Fabricut, which the EEOC filed on behalf of one individual, settled for $50,000.00 and injunctive relief within days of its filing. Founders Pavilion, on the other hand, is the EEOC’s first class lawsuit under GINA and has not been subject to any substantive rulings, given its recent filing. That being said, GINA is particularly clear on what is prohibited conduct under the Act.

Not surprisingly, GINA prohibits discrimination and harassment due to a person’s genetic information. (Genetic information includes family medical history and various information related to genetic testing.) Also not surprising is that GINA prohibits employers from retaliating against employees who file charges of discrimination or otherwise oppose discrimination based on genetic information.

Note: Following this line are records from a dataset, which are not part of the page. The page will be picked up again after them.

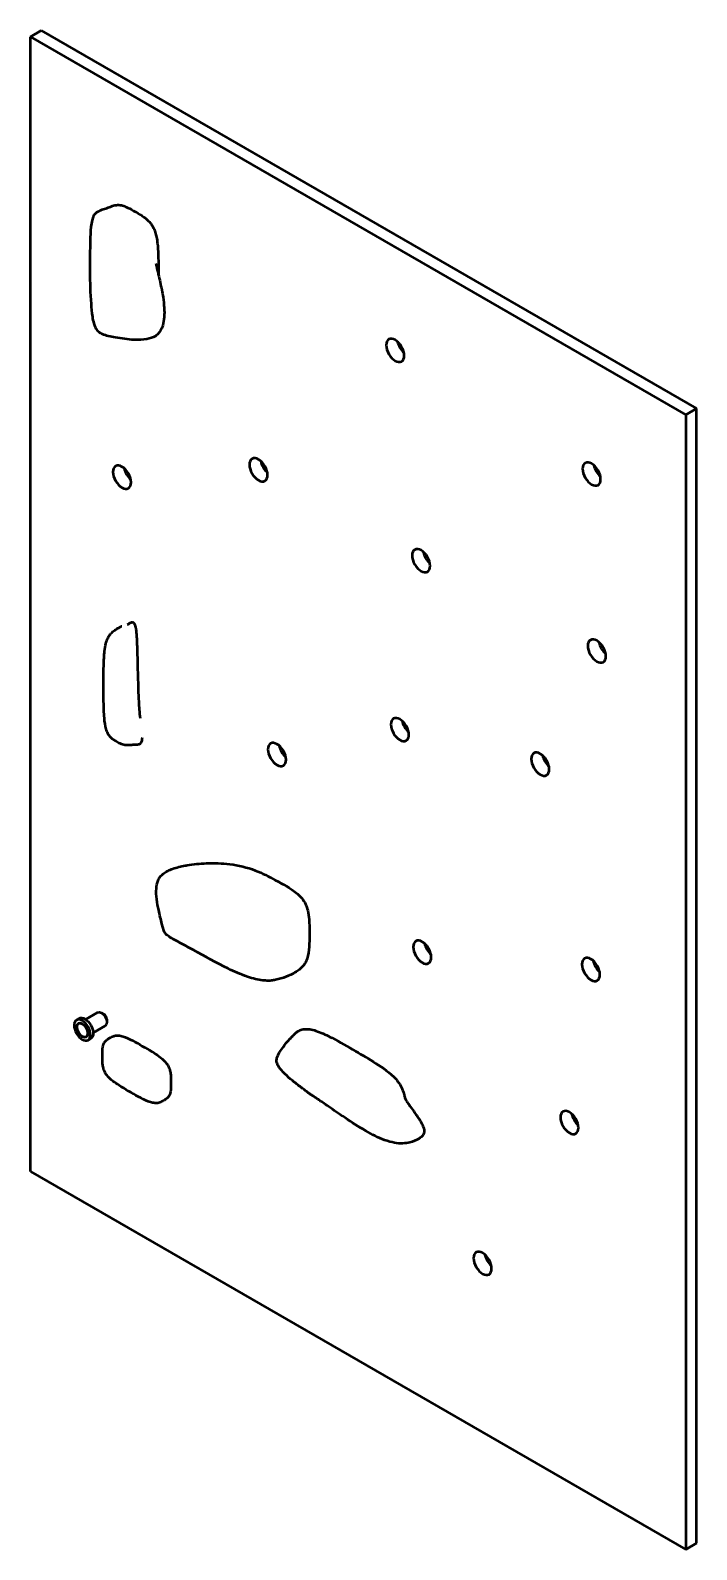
# Model space of a CAD drawing. Header units: millimetres. Extents: x 174 to 260, y 46 to 243.
import ezdxf

# ---------------------------------------------------------------- set-up
doc = ezdxf.new("R2010")
doc.units = ezdxf.units.MM
doc.header["$LTSCALE"] = 0.75
doc.layers.add('Visible', color=7, linetype='Continuous', lineweight=50)

msp = doc.modelspace()

# ---------------------------------------------------------------- linework, layer by layer
at = {"layer": 'Visible', "extrusion": (-0.707107, -0.408248, 0.57735)}
for p, q in [((175.53, 243.14, -7.51), (174.11, 242.32, -6.35)), ((174.11, 242.32, -6.35), (258.97, 193.33, 62.93)), ((174.11, 95.35, -110.27), (174.11, 242.32, -6.35)), ((175.53, 243.14, -7.51), (260.38, 194.15, 61.78)), ((260.38, 194.15, 61.78), (258.97, 193.33, 62.93)), ((258.97, 193.33, 62.93), (258.97, 46.36, -40.99)), ((260.38, 47.18, -42.15), (260.38, 194.15, 61.78)), ((180.09, 114.95, 56.4), (180.44, 115.15, 56.11)), ((181.25, 115.04, 55.65), (182.81, 115.95, 54.37)), ((182.25, 113.31, 55.65), (183.81, 114.21, 54.37)), ((183.67, 115.69, 54.37), (183.31, 115.9, 54.95)), ((184.02, 115.08, 54.37), (184.02, 114.67, 54.95)), ((181.59, 112.35, 56.4), (181.94, 112.56, 56.11)), ((174.11, 95.35, -110.27), (258.97, 46.36, -40.99)), ((258.97, 46.36, -40.99), (260.38, 47.18, -42.15))]:
    msp.add_line(p, q, dxfattribs=at)
at = {"layer": 'Visible', "extrusion": (0.707107, 0.408248, -0.57735)}
for centre, radius in [((63.99, 187.51, 225.71), 1.65), ((67.46, 120.21, 225.71), 1.65), ((59.44, 147.54, 225.71), 1.65), ((37.4, 211.78, 225.71), 1.65), ((38.72, 168.94, 225.71), 1.65), ((17.21, 192.93, 225.71), 1.65), ((21.15, 145.87, 225.71), 1.65), ((26.31, 119.2, 225.71), 1.65), ((8.19, 169.26, 225.71), 1.65), ((-5.26, 125.25, 225.71), 1.65), ((-18.13, 156.07, 225.71), 1.65), ((8.01, 169.27, 141.71), 1.5), ((8.01, 169.27, 141.71), 1), ((-33.91, 134.72, 225.71), 1.65), ((-44.08, 102.07, 225.71), 1.65)]:
    msp.add_circle(centre, radius, dxfattribs=at)
at = {"layer": 'Visible', "extrusion": (-0.707107, -0.408248, 0.57735)}
msp.add_circle((-8.01, 169.27, -141.71), 1, dxfattribs=at)
for centre, radius, start, end in [((-63.99, 187.51, -227.71), 1.65, 238.8277, 301.1723), ((-59.44, 147.54, -227.71), 1.65, 238.8277, 301.1723), ((-67.46, 120.21, -227.71), 1.65, 238.8277, 301.1723), ((-37.4, 211.78, -227.71), 1.65, 238.8277, 301.1723), ((-38.72, 168.94, -227.71), 1.65, 238.8277, 301.1723), ((-17.21, 192.93, -227.71), 1.65, 238.8277, 301.1723), ((-21.15, 145.87, -227.71), 1.65, 238.8277, 301.1723), ((-26.31, 119.2, -227.71), 1.65, 238.8277, 301.1723), ((-8.19, 169.26, -227.71), 1.65, 238.8277, 301.1723), ((5.26, 125.25, -227.71), 1.65, 238.8277, 301.1723), ((18.13, 156.07, -227.71), 1.65, 238.8277, 301.1723), ((-8.01, 169.27, -145.71), 0.5, 45, 135), ((33.91, 134.72, -227.71), 1.65, 238.8277, 301.1723), ((44.08, 102.07, -227.71), 1.65, 238.8277, 301.1723)]:
    msp.add_arc(centre, radius, start, end, dxfattribs=at)
at = {"layer": 'Visible', "extrusion": (0.707107, 0.408248, -0.57735)}
for centre, radius in [((8.01, 169.27, 142.21), 1.5), ((8.01, 169.27, 145.21), 1)]:
    msp.add_arc(centre, radius, 0, 180, dxfattribs=at)
at = {"layer": 'Visible'}
for points, knots in [([(182.87, 219.68, -5.15), (182.94, 219.72, -5.14), (183.01, 219.76, -5.13), (183.19, 219.84, -5.14), (183.29, 219.88, -5.15), (183.61, 219.99, -5.21), (183.82, 220.06, -5.29), (184.12, 220.16, -5.44), (184.22, 220.19, -5.51), (184.42, 220.27, -5.66), (184.54, 220.31, -5.72), (184.72, 220.38, -5.79), (184.79, 220.41, -5.81), (184.99, 220.47, -5.83), (185.12, 220.5, -5.83), (185.35, 220.53, -5.78), (185.45, 220.54, -5.75), (185.67, 220.53, -5.65), (185.79, 220.51, -5.59), (186.11, 220.44, -5.41), (186.3, 220.37, -5.29), (186.82, 220.14, -4.93), (187.14, 219.96, -4.69), (187.82, 219.57, -4.15), (188.19, 219.37, -3.85), (188.86, 218.92, -3.43), (189.16, 218.69, -3.28), (189.55, 218.29, -3.17), (189.67, 218.14, -3.15), (189.91, 217.8, -3.15), (190.03, 217.59, -3.18), (190.16, 217.31, -3.23), (190.19, 217.23, -3.25), (190.21, 217.16, -3.27)], [0, 0, 0, 0, 0.245494, 0.245494, 0.581121, 0.581121, 1.262702, 1.262702, 1.645893, 1.645893, 2.043058, 2.043058, 2.276237, 2.276237, 2.660447, 2.660447, 2.984312, 2.984312, 3.388925, 3.388925, 4.096166, 4.096166, 5.411177, 5.411177, 6.946444, 6.946444, 8.12673, 8.12673, 8.676003, 8.676003, 9.391431, 9.391431, 9.629002, 9.629002, 9.629002, 9.629002]), ([(182.37, 205.15, -15.51), (182.28, 205.46, -15.35), (182.23, 205.75, -15.14), (182.1, 206.61, -14.55), (182.05, 207.17, -14.15), (181.9, 209.11, -12.78), (181.87, 210.48, -11.8), (181.84, 213.05, -9.96), (181.85, 214.24, -9.1), (181.93, 216.62, -7.36), (181.89, 217.84, -6.46), (182.28, 218.98, -5.61)], [0, 0, 0, 0, 1.083417, 1.083417, 3.151103, 3.151103, 8.205975, 8.205975, 12.620974, 12.620974, 17.056278, 17.056278, 17.056278, 17.056278]), ([(182.28, 218.98, -5.61), (182.32, 219.1, -5.51), (182.37, 219.22, -5.41), (182.49, 219.4, -5.28), (182.56, 219.46, -5.24), (182.68, 219.56, -5.2), (182.74, 219.6, -5.18), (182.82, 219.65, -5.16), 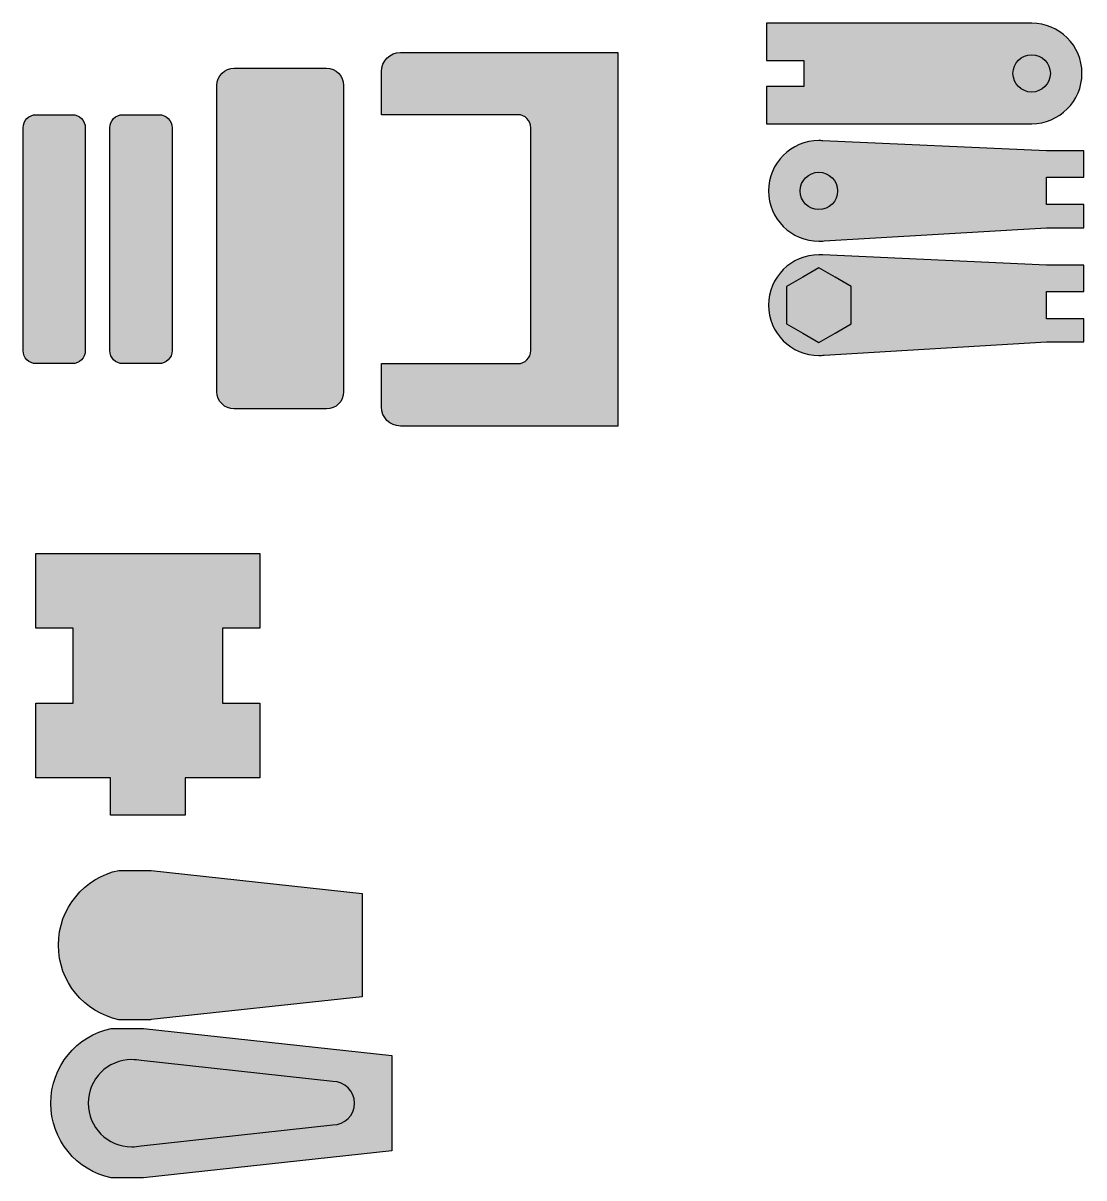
# Model space of a CAD drawing. Header units: millimetres. Extents: x -506 to 280, y -249 to 655.
# Drawn here: x -46.3 to 38.9, y 46.8 to 139.5 of the extents above; entities that cross this region are included whole.
import ezdxf

# ---------------------------------------------------------------- set-up
doc = ezdxf.new("R2010")
doc.units = ezdxf.units.MM
doc.header["$MEASUREMENT"] = 0
doc.layers.add('Camada 1', color=7, linetype='Continuous')

msp = doc.modelspace()

# ---------------------------------------------------------------- hatches: boundary and pattern name
at = {"layer": 'Camada 1', "true_color": 0xed3237}
h = msp.add_hatch(color=240, dxfattribs=at)
edge = h.paths.add_edge_path()
edge.add_spline(control_points=[(16.4396, 139.5025), (16.4396, 139.5025), (34.7356, 139.5025), (34.7356, 139.5025), (36.9673, 139.5025), (38.7765, 137.6933), (38.7765, 135.4616), (38.7765, 133.2299), (36.9673, 131.4207), (34.7356, 131.4207), (34.7356, 131.4207), (34.7276, 131.4208), (34.7276, 131.4208), (34.7276, 131.4208), (16.4396, 131.4208), (16.4396, 131.4208), (16.4396, 131.4208), (13.4396, 131.4208), (13.4396, 131.4208), (13.4396, 131.4208), (13.4396, 134.4208), (13.4396, 134.4208), (13.4396, 134.4208), (16.4396, 134.4208), (16.4396, 134.4208), (16.4396, 134.4208), (16.4396, 136.5025), (16.4396, 136.5025), (16.4396, 136.5025), (13.4396, 136.5025), (13.4396, 136.5025), (13.4396, 136.5025), (13.4396, 139.5025), (13.4396, 139.5025), (13.4396, 139.5025), (16.4396, 139.5025), (16.4396, 139.5025)], knot_values=[0, 0, 0, 0, 0.0833333, 0.0833333, 0.0833333, 0.1666667, 0.1666667, 0.1666667, 0.25, 0.25, 0.25, 0.3333333, 0.3333333, 0.3333333, 0.4166667, 0.4166667, 0.4166667, 0.5, 0.5, 0.5, 0.5833333, 0.5833333, 0.5833333, 0.6666667, 0.6666667, 0.6666667, 0.75, 0.75, 0.75, 0.8333333, 0.8333333, 0.8333333, 0.9166667, 0.9166667, 0.9166667, 1, 1, 1, 1], degree=3, periodic=1)
h = msp.add_hatch(color=240, dxfattribs=at)
edge = h.paths.add_edge_path()
edge.add_spline(control_points=[(1.4905, 137.1434), (1.4905, 137.1434), (-15.9807, 137.1434), (-15.9807, 137.1434), (-16.8215, 137.1434), (-17.5095, 136.4554), (-17.5095, 135.6146), (-17.5095, 135.6146), (-17.5095, 132.1434), (-17.5095, 132.1434), (-17.5095, 132.1434), (-6.5542, 132.1434), (-6.5542, 132.1434), (-5.9797, 132.1434), (-5.5095, 131.6732), (-5.5095, 131.0987), (-5.5095, 131.0987), (-5.5095, 122.149), (-5.5095, 122.149), (-5.5095, 122.149), (-5.5095, 113.1993), (-5.5095, 113.1993), (-5.5095, 112.6248), (-5.9797, 112.1546), (-6.5542, 112.1546), (-6.5542, 112.1546), (-17.5095, 112.1546), (-17.5095, 112.1546), (-17.5095, 112.1546), (-17.5095, 108.6722), (-17.5095, 108.6722), (-17.5095, 107.8314), (-16.8216, 107.1434), (-15.9807, 107.1434), (-15.9807, 107.1434), (1.4905, 107.1434), (1.4905, 107.1434), (1.4905, 107.1434), (1.4905, 137.1434), (1.4905, 137.1434)], knot_values=[0, 0, 0, 0, 0.0769231, 0.0769231, 0.0769231, 0.1538462, 0.1538462, 0.1538462, 0.2307692, 0.2307692, 0.2307692, 0.3076923, 0.3076923, 0.3076923, 0.3846154, 0.3846154, 0.3846154, 0.4615385, 0.4615385, 0.4615385, 0.5384615, 0.5384615, 0.5384615, 0.6153846, 0.6153846, 0.6153846, 0.6923077, 0.6923077, 0.6923077, 0.7692308, 0.7692308, 0.7692308, 0.8461538, 0.8461538, 0.8461538, 0.9230769, 0.9230769, 0.9230769, 1, 1, 1, 1], degree=3, periodic=1)
h = msp.add_hatch(color=240, dxfattribs=at)
edge = h.paths.add_edge_path()
edge.add_spline(control_points=[(34.7356, 133.9616), (35.564, 133.9616), (36.2356, 134.6332), (36.2356, 135.4616), (36.2356, 136.29), (35.564, 136.9616), (34.7356, 136.9616), (33.9072, 136.9616), (33.2356, 136.29), (33.2356, 135.4616), (33.2356, 134.6332), (33.9072, 133.9616), (34.7356, 133.9616)], knot_values=[0, 0, 0, 0, 0.25, 0.25, 0.25, 0.5, 0.5, 0.5, 0.75, 0.75, 0.75, 1, 1, 1, 1], degree=3, periodic=1)
h = msp.add_hatch(color=240, dxfattribs=at)
edge = h.paths.add_edge_path()
edge.add_spline(control_points=[(-29.3425, 108.5147), (-29.3425, 108.5147), (-21.9235, 108.5147), (-21.9235, 108.5147), (-21.1649, 108.5147), (-20.5444, 109.1351), (-20.5444, 109.8938), (-20.5444, 109.8938), (-20.5444, 134.5038), (-20.5444, 134.5038), (-20.5444, 135.2625), (-21.1649, 135.8829), (-21.9235, 135.8829), (-21.9235, 135.8829), (-29.3425, 135.8829), (-29.3425, 135.8829), (-30.1011, 135.8829), (-30.7216, 135.2625), (-30.7216, 134.5038), (-30.7216, 134.5038), (-30.7216, 109.8938), (-30.7216, 109.8938), (-30.7216, 109.1351), (-30.1011, 108.5147), (-29.3425, 108.5147)], knot_values=[0, 0, 0, 0, 0.125, 0.125, 0.125, 0.25, 0.25, 0.25, 0.375, 0.375, 0.375, 0.5, 0.5, 0.5, 0.625, 0.625, 0.625, 0.75, 0.75, 0.75, 0.875, 0.875, 0.875, 1, 1, 1, 1], degree=3, periodic=1)
h = msp.add_hatch(color=240, dxfattribs=at)
edge = h.paths.add_edge_path()
edge.add_spline(control_points=[(-41.2989, 122.149), (-41.2989, 122.149), (-41.2989, 131.0987), (-41.2989, 131.0987), (-41.2989, 131.6733), (-41.769, 132.1434), (-42.3436, 132.1434), (-42.3436, 132.1434), (-45.2542, 132.1434), (-45.2542, 132.1434), (-45.8288, 132.1434), (-46.2989, 131.6733), (-46.2989, 131.0987), (-46.2989, 131.0987), (-46.2989, 122.149), (-46.2989, 122.149), (-46.2989, 122.149), (-46.2989, 113.1993), (-46.2989, 113.1993), (-46.2989, 112.6247), (-45.8288, 112.1546), (-45.2542, 112.1546), (-45.2542, 112.1546), (-42.3436, 112.1546), (-42.3436, 112.1546), (-41.769, 112.1546), (-41.2989, 112.6247), (-41.2989, 113.1993), (-41.2989, 113.1993), (-41.2989, 122.149), (-41.2989, 122.149)], knot_values=[0, 0, 0, 0, 0.1, 0.1, 0.1, 0.2, 0.2, 0.2, 0.3, 0.3, 0.3, 0.4, 0.4, 0.4, 0.5, 0.5, 0.5, 0.6, 0.6, 0.6, 0.7, 0.7, 0.7, 0.8, 0.8, 0.8, 0.9, 0.9, 0.9, 1, 1, 1, 1], degree=3, periodic=1)
h = msp.add_hatch(color=240, dxfattribs=at)
edge = h.paths.add_edge_path()
edge.add_spline(control_points=[(-34.3315, 122.149), (-34.3315, 122.149), (-34.3315, 131.0987), (-34.3315, 131.0987), (-34.3315, 131.6733), (-34.8016, 132.1434), (-35.3762, 132.1434), (-35.3762, 132.1434), (-38.2868, 132.1434), (-38.2868, 132.1434), (-38.8614, 132.1434), (-39.3315, 131.6733), (-39.3315, 131.0987), (-39.3315, 131.0987), (-39.3315, 122.149), (-39.3315, 122.149), (-39.3315, 122.149), (-39.3315, 113.1993), (-39.3315, 113.1993), (-39.3315, 112.6247), (-38.8614, 112.1546), (-38.2868, 112.1546), (-38.2868, 112.1546), (-35.3762, 112.1546), (-35.3762, 112.1546), (-34.8016, 112.1546), (-34.3315, 112.6247), (-34.3315, 113.1993), (-34.3315, 113.1993), (-34.3315, 122.149), (-34.3315, 122.149)], knot_values=[0, 0, 0, 0, 0.1, 0.1, 0.1, 0.2, 0.2, 0.2, 0.3, 0.3, 0.3, 0.4, 0.4, 0.4, 0.5, 0.5, 0.5, 0.6, 0.6, 0.6, 0.7, 0.7, 0.7, 0.8, 0.8, 0.8, 0.9, 0.9, 0.9, 1, 1, 1, 1], degree=3, periodic=1)
h = msp.add_hatch(color=240, dxfattribs=at)
edge = h.paths.add_edge_path()
edge.add_spline(control_points=[(17.9544, 130.0523), (17.9544, 130.0523), (35.9332, 129.2348), (35.9332, 129.2348), (35.9332, 129.2348), (38.9332, 129.2348), (38.9332, 129.2348), (38.9332, 129.2348), (38.9332, 127.1257), (38.9332, 127.1257), (38.9332, 127.1257), (35.9332, 127.1257), (35.9332, 127.1257), (35.9332, 127.1257), (35.9332, 124.9215), (35.9332, 124.9215), (35.9332, 124.9215), (38.9332, 124.9215), (38.9332, 124.9215), (38.9332, 124.9215), (38.9332, 123.0685), (38.9332, 123.0685), (38.9332, 123.0685), (35.9332, 123.0685), (35.9332, 123.0685), (35.9332, 123.0685), (35.9332, 123.0684), (35.9332, 123.0684), (35.9332, 123.0684), (18.0545, 122.0043), (18.0545, 122.0043), (17.9173, 121.9902), (17.7781, 121.9829), (17.6372, 121.9829), (15.4055, 121.9829), (13.5963, 123.7921), (13.5963, 126.0238), (13.5963, 128.2555), (15.4055, 130.0647), (17.6372, 130.0647), (17.744, 130.0647), (17.8498, 130.0605), (17.9544, 130.0523)], knot_values=[0, 0, 0, 0, 0.0714286, 0.0714286, 0.0714286, 0.1428571, 0.1428571, 0.1428571, 0.2142857, 0.2142857, 0.2142857, 0.2857143, 0.2857143, 0.2857143, 0.3571429, 0.3571429, 0.3571429, 0.4285714, 0.4285714, 0.4285714, 0.5, 0.5, 0.5, 0.5714286, 0.5714286, 0.5714286, 0.6428571, 0.6428571, 0.6428571, 0.7142857, 0.7142857, 0.7142857, 0.7857143, 0.7857143, 0.7857143, 0.8571429, 0.8571429, 0.8571429, 0.9285714, 0.9285714, 0.9285714, 1, 1, 1, 1], degree=3, periodic=1)
h = msp.add_hatch(color=240, dxfattribs=at)
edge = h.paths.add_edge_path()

What may be surprising, however, is that GINA prohibits employers from even acquiring genetic information about their employees. In other words, except under limited circumstances, employers should not receive reports from employees’ physicians that contain genetic information.

The Act does provide for some exceptions, such as certification for Family and Medical Leave Act (“FMLA”) leave to care for a family member and voluntary wellness programs (provided that certain conditions are met). Perhaps most importantly, overhearing an employee talking about a family member’s illness will not subject the employer to liability (unless, of course, the employer discriminates against or harasses the employee based on that information).

The bottom line: if pre-employment, return-to-work or annual medical examinations are part and parcel of your employment practices, limit the information that you receive from the physicians. At the end of the day, the employer need only know one thing—whether an employee is fit for duty. The rest should stay locked in the physician’s files.